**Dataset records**
[Start of Attachment]
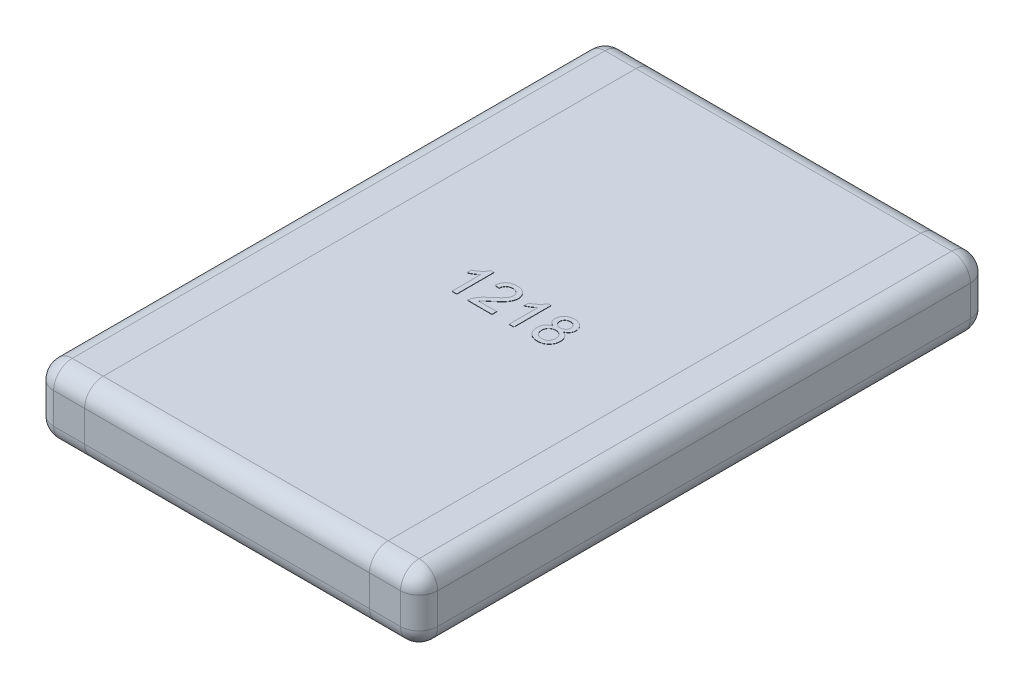
from build123d import *

# Parameters (mm, degrees)
SKETCH1_W      = 3.1
SKETCH1_H      = 4.6
EXTRUDE1_DEPTH = 0.55
FILLET1_R      = 0.15
EXTRUDE2_DEPTH = 0.002


with BuildPart() as part:
    # Sketch1 → Extrude1 (new body)
    with BuildSketch(Plane(origin=(0, 0, 0), x_dir=(1, 0, 0), z_dir=(0, 1, 0))):
        Rectangle(SKETCH1_W, SKETCH1_H)
    extrude(amount=EXTRUDE1_DEPTH)

    # Fillet1
    fillet1_edges = [part.edges().sort_by_distance(p)[0] for p in [
        (1.55, 0.55, 0),
        (0, 0.55, -2.3),
        (-1.55, 0.55, 0),
        (0, 0, -2.3),
        (1.55, 0, 0),
        (0, 0, 2.3),
        (-1.55, 0, 0),
        (0, 0.55, 2.3),
        (-1.55, 0.275, -2.3),
        (1.55, 0.275, -2.3),
        (1.55, 0.275, 2.3),
        (-1.55, 0.275, 2.3),
    ]]
    fillet(fillet1_edges, radius=FILLET1_R)

    # Sketch3 → Extrude2 (add)
    with BuildSketch(Plane(origin=(0, 0.55, 0), x_dir=(1, 0, 0), z_dir=(0, 1, 0))):
        with BuildLine():
            Line((-0.296153846, -0.15), (-0.334615385, -0.15))
            Line((-0.334615385, -0.15), (-0.334615385, 0.083774038))
            add(Edge.make_bspline(
                [(-0.334615385, 0.083774038), (-0.336830003, 0.081638311), (-0.341432846, 0.077199436), (-0.349213465, 0.070917319), (-0.35789763, 0.064550127), (-0.367372572, 0.05842736), (-0.377030672, 0.052663436), (-0.386363982, 0.047479672), (-0.39521668, 0.04309295), (-0.401047999, 0.040694273), (-0.403846154, 0.039543269)],
                knots=[0, 0, 0, 0, 9.226e-06, 1.9175e-05, 2.9969e-05, 4.1521e-05, 5.3002e-05, 6.3707e-05, 7.3544e-05, 8.2619e-05, 8.2619e-05, 8.2619e-05, 8.2619e-05], degree=3))
            Line((-0.403846154, 0.039543269), (-0.403846154, 0.075))
            add(Edge.make_bspline(
                [(-0.403846154, 0.075), (-0.399040034, 0.077475162), (-0.389567455, 0.082353558), (-0.37618475, 0.09077922), (-0.363690555, 0.099912985), (-0.352291699, 0.10975283), (-0.342073351, 0.119810917), (-0.333462201, 0.129959923), (-0.326256938, 0.139827828), (-0.322641922, 0.146709597), (-0.320913462, 0.15)],
                knots=[0, 0, 0, 0, 1.6212e-05, 3.1953e-05, 4.7386e-05, 6.26e-05, 7.7091e-05, 9.0349e-05, 0.000102505, 0.000113642, 0.000113642, 0.000113642, 0.000113642], degree=3))
            Line((-0.320913462, 0.15), (-0.296153846, 0.15))
            Line((-0.296153846, 0.15), (-0.296153846, -0.15))
        make_face()
        with BuildLine():
            Line((-0.011538462, -0.111538462), (-0.011538462, -0.15))
            Line((-0.011538462, -0.15), (-0.207692308, -0.15))
            add(Edge.make_bspline(
                [(-0.207692308, -0.15), (-0.207696323, -0.147714123), (-0.207704342, -0.14315003), (-0.206932024, -0.136400026), (-0.205722419, -0.129739566), (-0.204354719, -0.125468478), (-0.203665865, -0.123317308)],
                knots=[0, 0, 0, 0, 6.852e-06, 1.3681e-05, 2.0352e-05, 2.7121e-05, 2.7121e-05, 2.7121e-05, 2.7121e-05], degree=3))
            add(Edge.make_bspline(
                [(-0.203665865, -0.123317308), (-0.202393093, -0.119802551), (-0.199801518, -0.112645929), (-0.19455096, -0.102319922), (-0.188375063, -0.092056365), (-0.182361958, -0.08370038), (-0.176855252, -0.077024532), (-0.172237162, -0.071801454), (-0.167119471, -0.066455018), (-0.161506278, -0.060986201), (-0.155451607, -0.055359583), (-0.148947197, -0.049556401), (-0.141916239, -0.043684801), (-0.137007895, -0.039792861), (-0.134495192, -0.037800481)],
                knots=[0, 0, 0, 0, 1.1205e-05, 2.2816e-05, 3.4678e-05, 4.712e-05, 5.3653e-05, 6.0635e-05, 6.8031e-05, 7.5851e-05, 8.4142e-05, 9.2826e-05, 0.000101998, 0.000111618, 0.000111618, 0.000111618, 0.000111618], degree=3))
            add(Edge.make_bspline(
                [(-0.134495192, -0.037800481), (-0.130635061, -0.034551471), (-0.123202132, -0.028295295), (-0.112705672, -0.019011711), (-0.103118865, -0.010391377), (-0.094594368, -0.002283205), (-0.087062462, 0.005234162), (-0.080505461, 0.012143692), (-0.074866946, 0.018423822), (-0.070215752, 0.024301865), (-0.066291398, 0.029852373), (-0.062965854, 0.035266551), (-0.060194454, 0.040638972), (-0.057886249, 0.045952637), (-0.056060655, 0.05123027), (-0.054816253, 0.056487246), (-0.053972343, 0.061671403), (-0.053887909, 0.065120999), (-0.053846154, 0.066826923)],
                knots=[0, 0, 0, 0, 1.5136e-05, 2.9145e-05, 4.2036e-05, 5.3811e-05, 6.4435e-05, 7.3957e-05, 8.2386e-05, 8.9745e-05, 9.643e-05, 0.000102769, 0.00010879, 0.00011455, 0.000120137, 0.000125516, 0.000130743, 0.000135857, 0.000135857, 0.000135857, 0.000135857], degree=3))
            add(Edge.make_bspline(
                [(-0.053846154, 0.066826923), (-0.053887914, 0.068512943), (-0.053969845, 0.071820821), (-0.054747201, 0.076661881), (-0.055829343, 0.081323937), (-0.057578837, 0.085723063), (-0.059661262, 0.089989532), (-0.062332474, 0.093988532), (-0.065422517, 0.097819726), (-0.068960356, 0.101382104), (-0.072824504, 0.104724183), (-0.077142138, 0.107502263), (-0.081629679, 0.110003363), (-0.086441941, 0.11201439), (-0.091571106, 0.113491124), (-0.096979835, 0.114562852), (-0.10266727, 0.115242385), (-0.106548545, 0.115336486), (-0.108533654, 0.115384615)],
                knots=[0, 0, 0, 0, 5.054e-06, 9.915e-06, 1.4681e-05, 1.938e-05, 2.4083e-05, 2.89e-05, 3.3772e-05, 3.8829e-05, 4.3946e-05, 4.9063e-05, 5.4199e-05, 5.9345e-05, 6.4669e-05, 7.0185e-05, 7.5872e-05, 8.1827e-05, 8.1827e-05, 8.1827e-05, 8.1827e-05], degree=3))
            add(Edge.make_bspline(
                [(-0.108533654, 0.115384615), (-0.110618956, 0.115336725), (-0.114700045, 0.115242999), (-0.120665504, 0.114560756), (-0.126328674, 0.113518381), (-0.131676037, 0.111924678), (-0.136701084, 0.109917004), (-0.141383351, 0.107389877), (-0.145797819, 0.104537208), (-0.149805459, 0.101159863), (-0.153429516, 0.097415076), (-0.156646835, 0.093338135), (-0.159282944, 0.088850365), (-0.161459952, 0.084050442), (-0.163210448, 0.078923275), (-0.164481249, 0.07342967), (-0.165174098, 0.067585487), (-0.165313425, 0.063583392), (-0.165384615, 0.061538462)],
                knots=[0, 0, 0, 0, 6.255e-06, 1.2241e-05, 1.7992e-05, 2.3507e-05, 2.8953e-05, 3.4195e-05, 3.9446e-05, 4.4693e-05, 4.9878e-05, 5.506e-05, 6.0233e-05, 6.5451e-05, 7.0848e-05, 7.6461e-05, 8.2334e-05, 8.8471e-05, 8.8471e-05, 8.8471e-05, 8.8471e-05], degree=3))
            Line((-0.165384615, 0.061538462), (-0.203846154, 0.065384615))
            add(Edge.make_bspline(
                [(-0.203846154, 0.065384615), (-0.203452638, 0.068736632), (-0.202687086, 0.075257693), (-0.200780201, 0.084702351), (-0.198103106, 0.09348859), (-0.194899737, 0.101738909), (-0.190884012, 0.109312863), (-0.18634458, 0.11636711), (-0.18099053, 0.122677919), (-0.175075725, 0.128444216), (-0.168535362, 0.133525841), (-0.161430878, 0.137965346), (-0.153765522, 0.141678718), (-0.145581988, 0.144753235), (-0.136861488, 0.147085948), (-0.12761636, 0.148758724), (-0.117831734, 0.149789842), (-0.111120341, 0.149928948), (-0.107692308, 0.15)],
                knots=[0, 0, 0, 0, 1.0123e-05, 1.9693e-05, 2.8857e-05, 3.7651e-05, 4.6199e-05, 5.4533e-05, 6.2766e-05, 7.0968e-05, 7.9275e-05, 8.7563e-05, 9.6056e-05, 0.000104785, 0.00011375, 0.000123098, 0.000132946, 0.000143229, 0.000143229, 0.000143229, 0.000143229], degree=3))
            add(Edge.make_bspline(
                [(-0.107692308, 0.15), (-0.104223243, 0.149940596), (-0.097465484, 0.149824877), (-0.087618344, 0.14864084), (-0.078327294, 0.146796713), (-0.069558275, 0.144226564), (-0.061363096, 0.140856333), (-0.053735451, 0.136738671), (-0.046640172, 0.131913745), (-0.040195807, 0.126323636), (-0.034384754, 0.120221095), (-0.029292223, 0.113708369), (-0.025034622, 0.106813279), (-0.021409539, 0.09962981), (-0.018720681, 0.092006182), (-0.016829827, 0.084046037), (-0.015544936, 0.075742575), (-0.015438766, 0.070077103), (-0.015384615, 0.0671875)],
                knots=[0, 0, 0, 0, 1.0403e-05, 2.0265e-05, 2.9705e-05, 3.8794e-05, 4.7633e-05, 5.6238e-05, 6.4755e-05, 7.3321e-05, 8.178e-05, 9.0002e-05, 9.8073e-05, 0.000106055, 0.000114096, 0.000122258, 0.000130579, 0.00013924, 0.00013924, 0.00013924, 0.00013924], degree=3))
            add(Edge.make_bspline(
                [(-0.015384615, 0.0671875), (-0.015467303, 0.06421876), (-0.01563286, 0.058274728), (-0.016925056, 0.049390154), (-0.019136019, 0.040601997), (-0.022067165, 0.0318033), (-0.026071721, 0.022959142), (-0.031130797, 0.013947517), (-0.037407134, 0.004735138), (-0.04344321, -0.003096409), (-0.049061817, -0.009661219), (-0.054042181, -0.015064442), (-0.059804175, -0.020805005), (-0.066131643, -0.027081717), (-0.073282651, -0.033671804), (-0.081051734, -0.040772611), (-0.089608959, -0.048197271), (-0.095549342, -0.053269443), (-0.098617788, -0.055889423)],
                knots=[0, 0, 0, 0, 8.904e-06, 1.7828e-05, 2.6865e-05, 3.6063e-05, 4.5612e-05, 5.5944e-05, 6.7028e-05, 7.9024e-05, 8.5588e-05, 9.2946e-05, 0.000101063, 0.000109987, 0.000119681, 0.000130232, 0.000141562, 0.000153666, 0.000153666, 0.000153666, 0.000153666], degree=3))
            add(Edge.make_bspline(
                [(-0.098617788, -0.055889423), (-0.101245449, -0.058028619), (-0.106255994, -0.062107737), (-0.113384465, -0.068021343), (-0.119769407, -0.07344396), (-0.12556013, -0.078198712), (-0.130545741, -0.08251558), (-0.13490185, -0.086205504), (-0.138470198, -0.089454013), (-0.14390416, -0.094388563), (-0.150786737, -0.101422266), (-0.155858114, -0.108256719), (-0.158293269, -0.111538462)],
                knots=[0, 0, 0, 0, 1.0165e-05, 1.9383e-05, 2.7786e-05, 3.5295e-05, 4.1859e-05, 4.7569e-05, 5.242e-05, 5.6334e-05, 6.9594e-05, 8.1844e-05, 8.1844e-05, 8.1844e-05, 8.1844e-05], degree=3))
            Line((-0.158293269, -0.111538462), (-0.011538462, -0.111538462))
        make_face()
        with BuildLine():
            Line((0.165384615, -0.15), (0.126923077, -0.15))
            Line((0.126923077, -0.15), (0.126923077, 0.083774038))
            add(Edge.make_bspline(
                [(0.126923077, 0.083774038), (0.124708458, 0.081638311), (0.120105616, 0.077199436), (0.112324997, 0.070917319), (0.103640832, 0.064550127), (0.09416589, 0.05842736), (0.08450779, 0.052663436), (0.075174479, 0.047479672), (0.066321782, 0.04309295), (0.060490463, 0.040694273), (0.057692308, 0.039543269)],
                knots=[0, 0, 0, 0, 9.226e-06, 1.9175e-05, 2.9969e-05, 4.1521e-05, 5.3002e-05, 6.3707e-05, 7.3544e-05, 8.2619e-05, 8.2619e-05, 8.2619e-05, 8.2619e-05], degree=3))
            Line((0.057692308, 0.039543269), (0.057692308, 0.075))
            add(Edge.make_bspline(
                [(0.057692308, 0.075), (0.062498428, 0.077475162), (0.071971006, 0.082353558), (0.085353711, 0.09077922), (0.097847906, 0.099912985), (0.109246762, 0.10975283), (0.11946511, 0.119810917), (0.128076261, 0.129959923), (0.135281523, 0.139827828), (0.13889654, 0.146709597), (0.140625, 0.15)],
                knots=[0, 0, 0, 0, 1.6212e-05, 3.1953e-05, 4.7386e-05, 6.26e-05, 7.7091e-05, 9.0349e-05, 0.000102505, 0.000113642, 0.000113642, 0.000113642, 0.000113642], degree=3))
            Line((0.140625, 0.15), (0.165384615, 0.15))
            Line((0.165384615, 0.15), (0.165384615, -0.15))
        make_face()
        with BuildLine():
            add(Edge.make_bspline(
                [(0.318509615, 0.014543269), (0.314860295, 0.015970904), (0.307863336, 0.018708154), (0.298426244, 0.024186161), (0.290439253, 0.030487887), (0.284000435, 0.037765293), (0.279092884, 0.045867936), (0.275559254, 0.054692508), (0.273489545, 0.06428817), (0.273217147, 0.070923324), (0.273076923, 0.074338942)],
                knots=[0, 0, 0, 0, 1.1742e-05, 2.2513e-05, 3.2603e-05, 4.214e-05, 5.1498e-05, 6.0884e-05, 7.0537e-05, 8.0779e-05, 8.0779e-05, 8.0779e-05, 8.0779e-05], degree=3))
            add(Edge.make_bspline(
                [(0.273076923, 0.074338942), (0.27314292, 0.07696711), (0.273272474, 0.082126286), (0.274391848, 0.089696504), (0.276184688, 0.096950666), (0.278729147, 0.103868299), (0.281916936, 0.11050634), (0.28593939, 0.11674318), (0.29056295, 0.122755082), (0.295979231, 0.128299027), (0.301947879, 0.133376745), (0.308412856, 0.137895415), (0.315423633, 0.141590589), (0.322863319, 0.144680065), (0.330768701, 0.147098798), (0.339167624, 0.148746091), (0.348030483, 0.149793891), (0.354103523, 0.149930227), (0.357211538, 0.15)],
                knots=[0, 0, 0, 0, 7.881e-06, 1.547e-05, 2.2904e-05, 3.0261e-05, 3.7545e-05, 4.4948e-05, 5.2485e-05, 6.0262e-05, 6.8149e-05, 7.5968e-05, 8.3872e-05, 9.1874e-05, 0.000100106, 0.000108627, 0.00011752, 0.000126842, 0.000126842, 0.000126842, 0.000126842], degree=3))
            add(Edge.make_bspline(
                [(0.357211538, 0.15), (0.360339358, 0.149929518), (0.366431998, 0.149792228), (0.375341942, 0.148758507), (0.383793869, 0.147025925), (0.391782801, 0.144567827), (0.399321334, 0.141425001), (0.406359932, 0.137562056), (0.412971053, 0.133042703), (0.418985719, 0.127813048), (0.424458348, 0.122135343), (0.429199864, 0.1160526), (0.433266512, 0.109706754), (0.436626985, 0.103059254), (0.439113075, 0.096034402), (0.441008035, 0.088764549), (0.442107199, 0.081163316), (0.442240027, 0.076005089), (0.442307692, 0.073377404)],
                knots=[0, 0, 0, 0, 9.382e-06, 1.8275e-05, 2.6867e-05, 3.5231e-05, 4.3312e-05, 5.1326e-05, 5.9277e-05, 6.7288e-05, 7.5194e-05, 8.29e-05, 9.0385e-05, 9.7776e-05, 0.00010519, 0.000112697, 0.000120286, 0.000128167, 0.000128167, 0.000128167, 0.000128167], degree=3))
            add(Edge.make_bspline(
                [(0.442307692, 0.073377404), (0.442197773, 0.070079507), (0.441982241, 0.063612951), (0.439785876, 0.054291357), (0.436362653, 0.045589182), (0.431415063, 0.037672273), (0.425149124, 0.030458869), (0.417373593, 0.024188177), (0.408206557, 0.018718731), (0.401386261, 0.015972556), (0.397836538, 0.014543269)],
                knots=[0, 0, 0, 0, 9.878e-06, 1.9369e-05, 2.8564e-05, 3.782e-05, 4.7233e-05, 5.7098e-05, 6.7662e-05, 7.9128e-05, 7.9128e-05, 7.9128e-05, 7.9128e-05], degree=3))
            add(Edge.make_bspline(
                [(0.397836538, 0.014543269), (0.400076183, 0.013783016), (0.404464914, 0.01229325), (0.41066927, 0.009396685), (0.416510485, 0.006273501), (0.422021497, 0.002892652), (0.426998883, -0.000997287), (0.431608702, -0.00516632), (0.435831572, -0.009673198), (0.439609814, -0.014556251), (0.442983014, -0.019712993), (0.445870741, -0.025155995), (0.448323232, -0.030807785), (0.450419215, -0.036694571), (0.451950165, -0.042857817), (0.453021351, -0.049269202), (0.453700988, -0.055894934), (0.453797262, -0.060394987), (0.453846154, -0.062680288)],
                knots=[0, 0, 0, 0, 7.091e-06, 1.3894e-05, 2.0509e-05, 2.6962e-05, 3.326e-05, 3.9429e-05, 4.5594e-05, 5.1761e-05, 5.7929e-05, 6.4058e-05, 7.0221e-05, 7.6399e-05, 8.2783e-05, 8.9244e-05, 9.5888e-05, 0.000102743, 0.000102743, 0.000102743, 0.000102743], degree=3))
            add(Edge.make_bspline(
                [(0.453846154, -0.062680288), (0.45376972, -0.065830053), (0.453619139, -0.07203533), (0.452296087, -0.081143948), (0.450294251, -0.089894018), (0.447375342, -0.098248578), (0.443647171, -0.106213532), (0.439035378, -0.113777315), (0.433585276, -0.120932146), (0.427457634, -0.127700265), (0.420606933, -0.133818351), (0.413195743, -0.139209736), (0.405196258, -0.143725707), (0.396705537, -0.147464915), (0.387682925, -0.150362788), (0.378140019, -0.152391913), (0.368079995, -0.153600168), (0.361201262, -0.15376306), (0.357692308, -0.153846154)],
                knots=[0, 0, 0, 0, 9.444e-06, 1.8606e-05, 2.7557e-05, 3.6337e-05, 4.5101e-05, 5.3893e-05, 6.2859e-05, 7.2048e-05, 8.1241e-05, 9.0365e-05, 9.9489e-05, 0.000108745, 0.000118153, 0.000127865, 0.000137973, 0.000148498, 0.000148498, 0.000148498, 0.000148498], degree=3))
            add(Edge.make_bspline(
                [(0.357692308, -0.153846154), (0.354183704, -0.153761269), (0.347305659, -0.153594866), (0.337236444, -0.152411313), (0.327707192, -0.150290202), (0.318696311, -0.147389384), (0.310154921, -0.143751415), (0.30220916, -0.139133687), (0.294749561, -0.133749133), (0.287894096, -0.127593205), (0.281715554, -0.120825808), (0.276337297, -0.113565311), (0.271752882, -0.105923451), (0.267980008, -0.097857148), (0.265104217, -0.089366329), (0.263085953, -0.080482873), (0.261760507, -0.071213566), (0.26161352, -0.064888503), (0.261538462, -0.061658654)],
                knots=[0, 0, 0, 0, 1.0525e-05, 2.0633e-05, 3.0358e-05, 3.9766e-05, 4.8998e-05, 5.8152e-05, 6.7276e-05, 7.6554e-05, 8.5742e-05, 9.4721e-05, 0.000103615, 0.000112434, 0.000121385, 0.000130452, 0.000139733, 0.000149418, 0.000149418, 0.000149418, 0.000149418], degree=3))
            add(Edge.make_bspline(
[End of Attachment]
**Problem description**
From the entries above, extract every line where the word "part" appears.

**Answer to the exercise**
with BuildPart() as part:
    fillet1_edges = [part.edges().sort_by_distance(p)[0] for p in [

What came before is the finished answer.